Рога переливались и блестели, и даже кровь проткнутых насквозь Солейля и Пака не затмила их сияния. Напротив, оказавшись в плоти бога и сына богини, они разгорелись еще ярче – точь-в-точь звезда, мерцающая в ночном небе.
– Нет! – истерично завопил Пак. – Нет! Змей, помоги! Змей!
– Прости, – Изначальный, опершись на трость, присел на валун, – не хочу нарушать план. Солейль так трепетно его разрабатывал.
– Ублюдок! Предатель!
– Да, дорогой, все так и есть, – хмыкнул Солейль. – Не ломайся, отдай силу мне.
Ослепительный свет, поглотивший богов, резанул по сетчатке. Я поспешно зажмурилась, не желая терять зрение, и, едва веки сомкнулись, провалилась в небытие.
* * *
Вливалась обратно в реальность я размеренно, постепенно. Сначала пришли запахи – медицинских принадлежностей и лекарств, – потом звуки (шепот и тихое поскуливание), следом тактильные ощущения (мокрый нос, тычущийся в пальцы, жесткая ткань одеяла и высокая подушка, упирающаяся в ямку между черепной коробкой и шеей) и только в конце – зрение.
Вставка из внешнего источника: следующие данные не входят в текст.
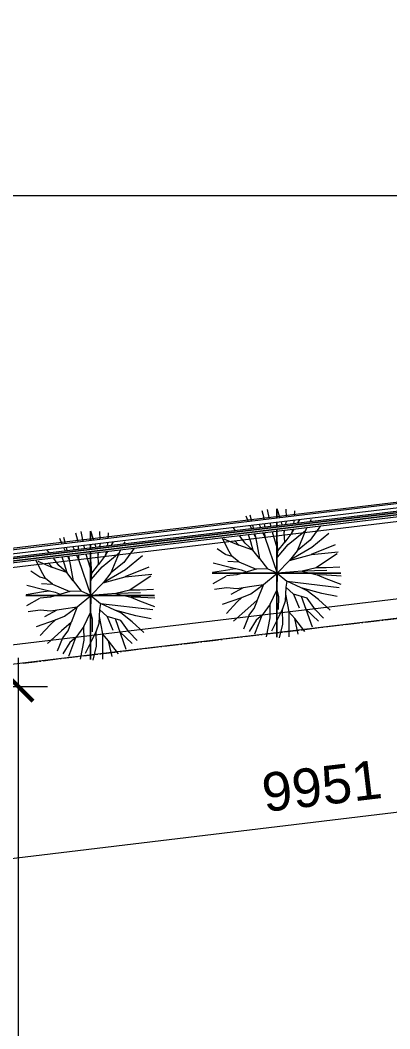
# Model space of a CAD drawing. Header units: millimetres. Extents: x -20215 to 101892, y -17414 to 45470.
# Drawn here: x 43019 to 46850, y 11275 to 21738 of the extents above; entities that cross this region are included whole.
import ezdxf

# ---------------------------------------------------------------- set-up
doc = ezdxf.new("R2010")
doc.units = ezdxf.units.MM
doc.linetypes.add('Grid Line', pattern=[4.2, 3, -0.6, 0, -0.6])
for name, color, linetype, lineweight in [('DIM', 1, 'Continuous', 5), ('G-ANNO-SYMB', 111, 'Continuous', 5), ('G-IMPT', 8, 'Continuous', 5), ('L-SITE', 91, 'Continuous', 5), ('NET THAY 1', 41, 'Continuous', 5), ('NET THAY 2', 55, 'Continuous', 5), ('NET-THAY', 2, 'Continuous', 9), ('TRUC', 225, 'Continuous', 5)]:
    doc.layers.add(name, color=color, linetype=linetype, lineweight=lineweight)
doc.styles.add('TA1', font='arial_0.ttf')
doc.dimstyles.new('D_200_KTx2', dxfattribs={"dimtxt": 400, "dimasz": 300, "dimexe": 300, "dimexo": 300, "dimgap": 160, "dimtad": 1, "dimdec": 0, "dimzin": 9, "dimtxsty": 'TA1', "dimblk": 'ARCHTICK', "dimcen": 1, "dimdle": 300, "dimclrd": 256, "dimclre": 256, "dimclrt": 7, "dimadec": 0, "dimazin": 0, "dimtfac": 1, "dimtdec": 0, "dimtix": 1, "dimtmove": 1, "dimatfit": 3, "dimldrblk": 'ARCHTICK', "dimfxl": 0, "dimtolj": 1, "dimtzin": 0, "dimlwd": -1, "dimlwe": -1, "dimarcsym": 0})

# ---------------------------------------------------------------- blocks, each defined once
blk = doc.blocks.new('Railing - NBS_RailInfillPnl_Post-1648199-MẶT BẰNG TẦNG 4')
at = {"layer": 'NET THAY 2'}
for p, q in [((-13, -5), (-13, 5)), ((13, 5), (13, -5))]:
    blk.add_line(p, q, dxfattribs=at)
blk = doc.blocks.new('Railing - Railing-1506754-MẶT BẰNG TẦNG 4')
at = {"layer": 'NET THAY 1'}
for p, q in [((41001, 15878), (58462, 17970)), ((41001, 15938), (47388, 16703))]:
    blk.add_line(p, q, dxfattribs=at)
at = {"rotation": 276.832148128772}
for p in [(46673, 16588), (44713, 16353)]:
    blk.add_blockref('Railing - NBS_RailInfillPnl_Post-1648199-MẶT BẰNG TẦNG 4', p, dxfattribs=at)
blk = doc.blocks.new('Top Rail Type - Top Rail_Internal_-1506755-MẶT BẰNG TẦNG 4')
at = {"layer": 'NET THAY 1'}
for p, q in [((41001, 15919), (58417, 18005)), ((41001, 15897), (58441, 17987))]:
    blk.add_line(p, q, dxfattribs=at)
blk = doc.blocks.new('Top Rail Type - Top Rail_Internal_-V6-MẶT BẰNG TẦNG 4')
at = {"layer": 'NET THAY 1'}
for p, q in [((58417, 18005), (41001, 15919)), ((58441, 17987), (41001, 15897))]:
    blk.add_line(p, q, dxfattribs=at)
blk = doc.blocks.new('Handrail Type - Handrail_Internal_-V7-MẶT BẰNG TẦNG 4')
at = {"layer": 'NET THAY 1'}
for p, q in [((58315, 18086), (41001, 16011)), ((58362, 18049), (41001, 15968))]:
    blk.add_line(p, q, dxfattribs=at)
blk = doc.blocks.new('CAY XANH 1 - new block_dwg_110_植栽_中_高木 - 落葉1_φ4000_H5500-1445069-IDEA-4th Storey - Detail-V106-MẶT BẰNG TẦNG 4')
at = {"layer": 'G-IMPT'}
for p, q in [((-306, 1976), (-243, 1670)), ((-5, 2000), (87, 1709)), ((294, 1734), (285, 1980)), ((541, 1934), (530, 1763)), ((-883, 1593), (-958, 1760)), ((-838, 1808), (-788, 1605)), ((-615, 1645), (-606, 1626)), ((-10, 1480), (-10, 1571)), ((125, 1587), (153, 1500)), ((277, 1515), (297, 1607)), ((642, 1558), (706, 1656)), ((796, 1795), (813, 1820)), ((1033, 1605), (1065, 1665)), ((-1289, 1327), (-1355, 1409)), ((-791, 1387), (-829, 1472)), ((-757, 1481), (-736, 1393)), ((-553, 1505), (-515, 1420)), ((-383, 1255), (-379, 1110)), ((-217, 1546), (-199, 1458)), ((879, 1317), (625, 696)), ((-667, 1111), (-714, 1216)), ((-1850, 759), (-1578, 578)), ((1796, 880), (1057, 580)), ((-1570, 578), (-1398, 529)), ((1855, 599), (1188, 159)), ((-2000, 33), (-1462, 119)), ((-1453, 121), (-1278, 144)), ((-1975, -315), (-1571, -88)), ((1923, -449), (303, -262)), ((1984, -88), (1545, -58)), ((-1423, -653), (-1041, -445)), ((1097, -1672), (762, -724)), ((1278, -1483), (902, -1122)), ((-1024, -1718), (-864, -1308)), ((855, -1808), (552, -1405))]:
    blk.add_line(p, q, dxfattribs=at)
at = {"layer": 'G-IMPT', "flags": 128}
for points in [[(-472, 1941), (-408, 1715), (-403, 1651)], [(521, 1634), (518, 1586), (511, 1543)], [(-393, 1525), (-389, 1474), (-388, 1435)], [(-154, 1283), (30, 691), (242, 956)], [(1939, 182), (1516, 167), (1206, 162), (773, 64), (0, 0), (-10, 303), (30, 691), (-10, 1257), (-10, 1300)], [(1346, 1463), (1021, 1024), (625, 696), (384, 396), (0, 0), (305, -251), (268, -432)], [(10, 497), (348, 890), (879, 1317), (930, 1413)], [(207, 1326), (224, 1272), (237, 1330)], [(459, 1252), (242, 956), (224, 1272)], [(478, 1357), (459, 1252), (526, 1364)], [(-1522, 376), (-1182, 348), (-1399, 530), (-1482, 672), (-1685, 1077)], [(-1640, 1059), (-1182, 862), (-1319, 1008)], [(-891, 1195), (-819, 978), (-743, 713), (-1182, 862)], [(-693, 1218), (-670, 1129), (-546, 458), (-743, 713), (-989, 932), (-1147, 1149), (-1157, 1163)], [(-440, 1249), (-379, 1110), (0, 0), (-295, 133)], [(1602, 1227), (1074, 790), (384, 396), (1064, 582), (1374, 607), (1887, 662)], [(-1974, 319), (-1451, 187), (-1104, 101), (-945, 37)], [(-1182, 348), (-645, 125), (-1245, -52), (-1564, -80)], [(-546, 458), (-295, 133), (-645, 125)], [(-1683, -957), (-1092, -755), (-807, -637), (-423, -352), (0, 0), (-5, -527)], [(1538, 78), (773, 64), (1241, -50)], [(1865, -721), (1389, -632), (743, -453), (305, -251)], [(1534, -57), (1241, -50), (1512, -168), (1971, -338)], [(-1938, -494), (-1560, -440), (-1235, -475), (-846, -416), (-423, -352), (-610, -834), (-905, -1095), (-1342, -1483)], [(-217, -960), (-5, -527), (44, -720), (39, -1126)], [(508, -651), (268, -432), (248, -870), (165, -1101)], [(1640, -1145), (1284, -817), (935, -541), (743, -453)], [(-1567, -1243), (-1244, -895), (-1077, -745)], [(-867, -1310), (-703, -1095), (-608, -832)], [(258, -651), (365, -1191), (365, -1967)], [(1438, -1391), (1191, -1135), (931, -773), (508, -651), (685, -1070)], [(-321, -1974), (-207, -1385), (-217, -960), (-458, -1297)], [(76, -1999), (175, -1573), (165, -1101), (52, -1342), (-170, -1795)], [(659, -1888), (552, -1405), (365, -1191)], [(-682, -1880), (-458, -1297), (-645, -1459), (-866, -1803)]]:
    blk.add_lwpolyline(points, dxfattribs=at)
blk = doc.blocks.new('CAY XANH 1 - new block_dwg-V107-MẶT BẰNG TẦNG 4')
at = {"xscale": 0.5, "yscale": 0.5, "zscale": 0.5}
blk.add_blockref('CAY XANH 1 - new block_dwg_110_植栽_中_高木 - 落葉1_φ4000_H5500-1445069-IDEA-4th Storey - Detail-V106-MẶT BẰNG TẦNG 4', (-494874, 495980), dxfattribs=at)
blk = doc.blocks.new('CAY XANH 1 - CAY XANH_dwg-1404436-MẶT BẰNG TẦNG 4')
at = {"layer": 'G-IMPT'}
for p, q in [((28746.5, 0), (28733, 0)), ((28788.3, 0), (28770.7, 0)), ((28931.4, 0), (28921.9, 0)), ((29155.3, 0), (29164.1, 0))]:
    blk.add_line(p, q, dxfattribs=at)
at = {"layer": 'G-IMPT', "flags": 128}
for points in [[(28694.1, 0), (28684.6, 0), (28661.3, 0), (28659.4, 0), (28644, 0), (28634.5, 0), (28611.2, 0), (28603.7, 0), (28594.2, 0), (28603.7, 0), (28609.6, 0), (28592.2, 0), (28570.9, 0), (28578.4, 0), (28603.7, 0), (28662, 0), (28642.6, 0), (28600.1, 0), (28579.1, 0), (28609.9, 0), (28604, 0), (28575.2, 0), (28563.7, 0), (28584.7, 0), (28609.9, 0), (28613.8, 0), (28600.1, 0), (28611.8, 0), (28638.7, 0), (28677.6, 0), (28708.4, 0), (28713.9, 0), (28725.7, 0), (28715.9, 0), (28712.3, 0), (28702.5, 0), (28691, 0), (28706.4, 0), (28731.3, 0), (28735.2, 0), (28750.6, 0), (28756.5, 0), (28781.4, 0), (28806.3, 0), (28821.7, 0), (28833.5, 0), (28837.1, 0), (28862.3, 0), (28883.3, 0), (28898.7, 0), (28916, 0), (28931.4, 0)], [(28647.5, 0), (28660.7, 0), (28678.3, 0), (28673.9, 0), (28669.5, 0), (28647.5, 0)], [(29039.2, 0), (29014.3, 0), (28989.4, 0), (28974, 0), (28975.7, 0), (28958.6, 0), (28943.2, 0), (28925.9, 0), (28918, 0), (28931.4, 0), (28920, 0), (28895.1, 0), (28877.7, 0), (28821.5, 0), (28814, 0), (28794.6, 0), (28769.7, 0), (28707.5, 0), (28715.4, 0), (28722.9, 0), (28717.3, 0), (28707.5, 0), (28702, 0), (28694.1, 0)], [(28752.4, 0), (28737, 0), (28715.7, 0)], [(28715.7, 0), (28725.2, 0), (28721.6, 0), (28735, 0), (28740.6, 0), (28746.5, 0), (28765.8, 0), (28752.4, 0)], [(28733, 0), (28738.9, 0), (28756, 0), (28765.8, 0), (28771.4, 0), (28775.3, 0), (28781.2, 0), (28788.7, 0), (28792.7, 0), (28732.7, 0)], [(28732.7, 0), (28740.3, 0), (28815.9, 0), (28825.4, 0), (28881.6, 0), (28895.1, 0), (28898.7, 0), (28889.2, 0), (28895.1, 0), (28904.6, 0), (28921.9, 0), (28927.8, 0)], [(28763.8, 0), (28748.4, 0), (28746.5, 0)], [(28785.1, 0), (28788.7, 0), (28790.7, 0), (28785.1, 0), (28763.8, 0)], [(28770.7, 0), (28768.5, 0), (28779.5, 0), (28788.3, 0)], [(28817.6, 0), (28796.6, 0), (28785.1, 0)], [(28921.9, 0), (28908.5, 0), (28910.5, 0), (28893.1, 0), (28898.7, 0), (28893.1, 0), (28867.9, 0), (28812, 0)], [(28812, 0), (28823.5, 0), (28817.6, 0)], [(28927.8, 0), (28939.3, 0), (28941.3, 0), (28946.8, 0), (28956.7, 0), (28933.4, 0), (28921.9, 0), (28931.4, 0), (28946.8, 0), (28962.2, 0), (28970.1, 0), (28981.6, 0), (28995, 0)], [(29091.3, 0), (29110.6, 0), (29116.2, 0), (29106.7, 0), (29089.3, 0), (29081.8, 0), (29072, 0), (29058.5, 0), (29037.2, 0), (29033.6, 0), (29018.2, 0), (29008.4, 0), (29002.8, 0), (28997, 0), (28983.5, 0), (28966.2, 0), (28958.6, 0), (28956.7, 0), (28939.3, 0), (28921.9, 0)], [(28921.9, 0), (28931.4, 0), (28933.4, 0), (28943.2, 0), (28956.7, 0), (28954.7, 0), (28958.6, 0), (28975.7, 0), (28981.6, 0), (28987.5, 0), (29004.8, 0), (29037.2, 0), (29047.1, 0), (29053, 0), (29041.2, 0), (29043.1, 0), (29051, 0), (29068.4, 0)], [(28995, 0), (29010.4, 0), (29025.8, 0), (29020.2, 0), (29006.5, 0)], [(29006.5, 0), (29025.8, 0), (29029.7, 0), (29018.2, 0), (29025.8, 0), (29045.1, 0), (29053, 0), (29062.5, 0), (29070, 0), (29083.8, 0), (29108.7, 0), (29114.5, 0)], [(29312.7, 0), (29293.4, 0), (29302.9, 0), (29316.3, 0), (29320.3, 0), (29302.9, 0), (29285.5, 0), (29262.6, 0), (29270.1, 0), (29304.9, 0), (29312.7, 0), (29304.9, 0), (29297.3, 0), (29281.9, 0), (29327.3, 0), (29348.6, 0), (29330.1, 0), (29343.5, 0), (29390.9, 0), (29381.4, 0), (29362, 0), (29366, 0), (29373.5, 0), (29352.5, 0), (29344.7, 0), (29331.2, 0), (29311.9, 0), (29298.5, 0), (29229.9, 0), (29212.5, 0), (29205, 0), (29176.1, 0), (29168.3, 0), (29150.9, 0), (29145.3, 0), (29160.7, 0), (29174.2, 0), (29170.2, 0), (29152.9, 0), (29145.3, 0), (29102.8, 0), (29106.7, 0), (29070, 0), (29043.1, 0), (29037.2, 0)], [(29037.2, 0), (29058.5, 0), (29072, 0), (29087.4, 0), (29099.2, 0), (29089.3, 0), (29075.9, 0), (29068.4, 0), (29104.7, 0), (29116.2, 0)], [(29116.2, 0), (29091.3, 0), (29083.8, 0), (29070, 0), (29049, 0), (29039.2, 0)], [(29068.4, 0), (29056.6, 0), (29060.5, 0), (29112.3, 0), (29147, 0), (29158.4, 0), (29135.5, 0), (29131.6, 0), (29147, 0), (29162.4, 0), (29169.9, 0), (29187.3, 0), (29195.1, 0), (29222, 0), (29233.5, 0), (29256.7, 0), (29210.9, 0), (29220.4, 0), (29208.6, 0), (29224, 0), (29237.7, 0), (29247.2, 0), (29260.6, 0), (29268.5, 0), (29283.9, 0), (29299.3, 0), (29312.7, 0)], [(29114.5, 0), (29100.8, 0), (29091.3, 0)], [(29160.7, 0), (29147, 0), (29133.5, 0), (29139.4, 0), (29162.4, 0), (29170.2, 0), (29154.8, 0)], [(29164.1, 0), (29172.9, 0), (29179.5, 0), (29192.7, 0), (29186.1, 0), (29150.9, 0), (29144.3, 0), (29137.8, 0), (29144.3, 0), (29155.3, 0)], [(29154.8, 0), (29162.4, 0), (29181.7, 0), (29191.5, 0), (29185.6, 0), (29212.5, 0), (29224, 0), (29205, 0), (29199.1, 0), (29177.8, 0), (29179.7, 0)], [(29179.7, 0), (29174.2, 0), (29160.7, 0)], [(29221.3, 0), (29199.3, 0), (29186.1, 0), (29199.3, 0)], [(29199.3, 0), (29210.3, 0), (29230.1, 0), (29241.1, 0), (29283.4, 0), (29301, 0), (29296.6, 0), (29238.9, 0), (29241.1, 0), (29225.7, 0), (29221.3, 0)]]:
    blk.add_lwpolyline(points, dxfattribs=at)
for points in [[(28645.7, 0), (28641.3, 0), (28706.9, 0), (28676.5, 0), (28672.1, 0), (28685.3, 0), (28676.5, 0)], [(28690.8, 0), (28669.5, 0), (28662, 0), (28675.4, 0), (28681, 0), (28698.3, 0), (28700.3, 0)], [(28737.7, 0), (28750.9, 0), (28759.7, 0), (28755.3, 0), (28737.7, 0), (28711.3, 0), (28700.3, 0), (28698.1, 0), (28715.7, 0), (28717.9, 0), (28722.3, 0), (28739.9, 0)], [(28785.9, 0), (28783.7, 0), (28768.3, 0), (28757.3, 0), (28752.9, 0), (28748.5, 0), (28768.3, 0), (28777.1, 0)], [(28904.6, 0), (28915.6, 0), (28871.6, 0), (28805.9, 0), (28810.3, 0), (28803.7, 0), (28873.8, 0), (28882.6, 0)], [(28871.6, 0), (28858.4, 0), (28851.8, 0), (28862.8, 0)], [(28898, 0), (28909, 0), (28928.8, 0), (28931, 0), (28935.4, 0), (28942, 0), (28931, 0), (28909, 0), (28880.4, 0)], [(28926.6, 0), (28942, 0), (28957.4, 0), (28950.8, 0), (28975, 0), (28957.4, 0), (28948.6, 0), (28915.6, 0)], [(28970.6, 0), (28975, 0), (28957.4, 0), (28942, 0), (28955.2, 0), (28950.8, 0)], [(29036.6, 0), (29043.2, 0), (29045.4, 0), (29025.6, 0), (29023.4, 0)], [(29118, 0), (29115.8, 0), (29135.6, 0), (29140, 0), (29129, 0)], [(29157.5, 0), (29161.9, 0), (29190.5, 0), (29194.9, 0), (29192.7, 0), (29205.9, 0), (29225.7, 0), (29219.1, 0), (29205.9, 0), (29203.7, 0), (29192.7, 0), (29164.1, 0)], [(29287, 0), (29239.4, 0), (29231.8, 0), (29294.6, 0), (29300.5, 0), (29319.8, 0), (29304.4, 0)]]:
    blk.add_lwpolyline(points, close=True, dxfattribs=at)
blk = doc.blocks.new('CAY XANH 1 - CAY XANH_dwg-V108-MẶT BẰNG TẦNG 4')
at = {"layer": 'G-IMPT'}
for p, q in [((0, -28650), (0, -28680.9)), ((0, -28746.5), (0, -28733)), ((0, -28788.3), (0, -28770.7)), ((0, -28931.4), (0, -28921.9)), ((0, -29155.3), (0, -29164.1))]:
    blk.add_line(p, q, dxfattribs=at)
at = {"layer": 'G-IMPT', "flags": 128}
for points in [[(0, -28623.5), (0, -28600.1), (0, -28579.1), (0, -28609.9), (0, -28604), (0, -28575.2), (0, -28563.7), (0, -28584.7), (0, -28609.9), (0, -28613.8), (0, -28600.1), (0, -28611.8), (0, -28623.5)], [(0, -28623.5), (0, -28611.2), (0, -28603.7), (0, -28594.2), (0, -28603.7), (0, -28609.6), (0, -28592.2), (0, -28570.9), (0, -28578.4), (0, -28603.7), (0, -28623.5)], [(0, -28680.9), (0, -28661.3), (0, -28659.4), (0, -28650)], [(0, -28650), (0, -28662), (0, -28650)], [(0, -28650), (0, -28677.6), (0, -28680.9)], [(0, -28680.9), (0, -28676.5), (0, -28650)], [(0, -28650), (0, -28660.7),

Свинцовые веки открылись сами, но тут же сомкнулись вновь – лампы горели слишком ярко. Однако я успела заметить, что потолок не белоснежный – значит, я не в больнице. Странно, учитывая, что мне совершенно точно делали операцию – я чувствовала, как извлекали наконечник, прикладывали бинты, вкалывали обезболивающее.
Когда глаза попривыкли к свету, я заворочалась, пытаясь определить, где оказалась. Кости ныли, в затылке билась пульсирующая боль, да и живот мерзко тянуло, но по сравнению с пережитым это были мелочи. Персиковые стены, почти полное отсутствие мебели – по углам было расставлено исключительно то, без чего нельзя было обойтись, – фигурки на невысокой полке; уютно и тепло.
Правда, то, что кровать, на которой я лежала, широкая, с кучей толстых пледов и покрывал подо мной и на мне, – располагалась напротив двери, несколько насмешило и напугало одновременно; ногами вперед меня готовились выносить, что ли?
– Э-э-эй? – просипела я. – Есть кто?
Не прошло и полминуты, как дверь жалобно треснула – Аид толкнул ее передними лапами и ураганом влетел в комнату. Я выругалась не менее тоскливо, чем дверь, прежде чем огромный пес плюхнулся на кровать и принялся с остервенением вылизывать мое лицо.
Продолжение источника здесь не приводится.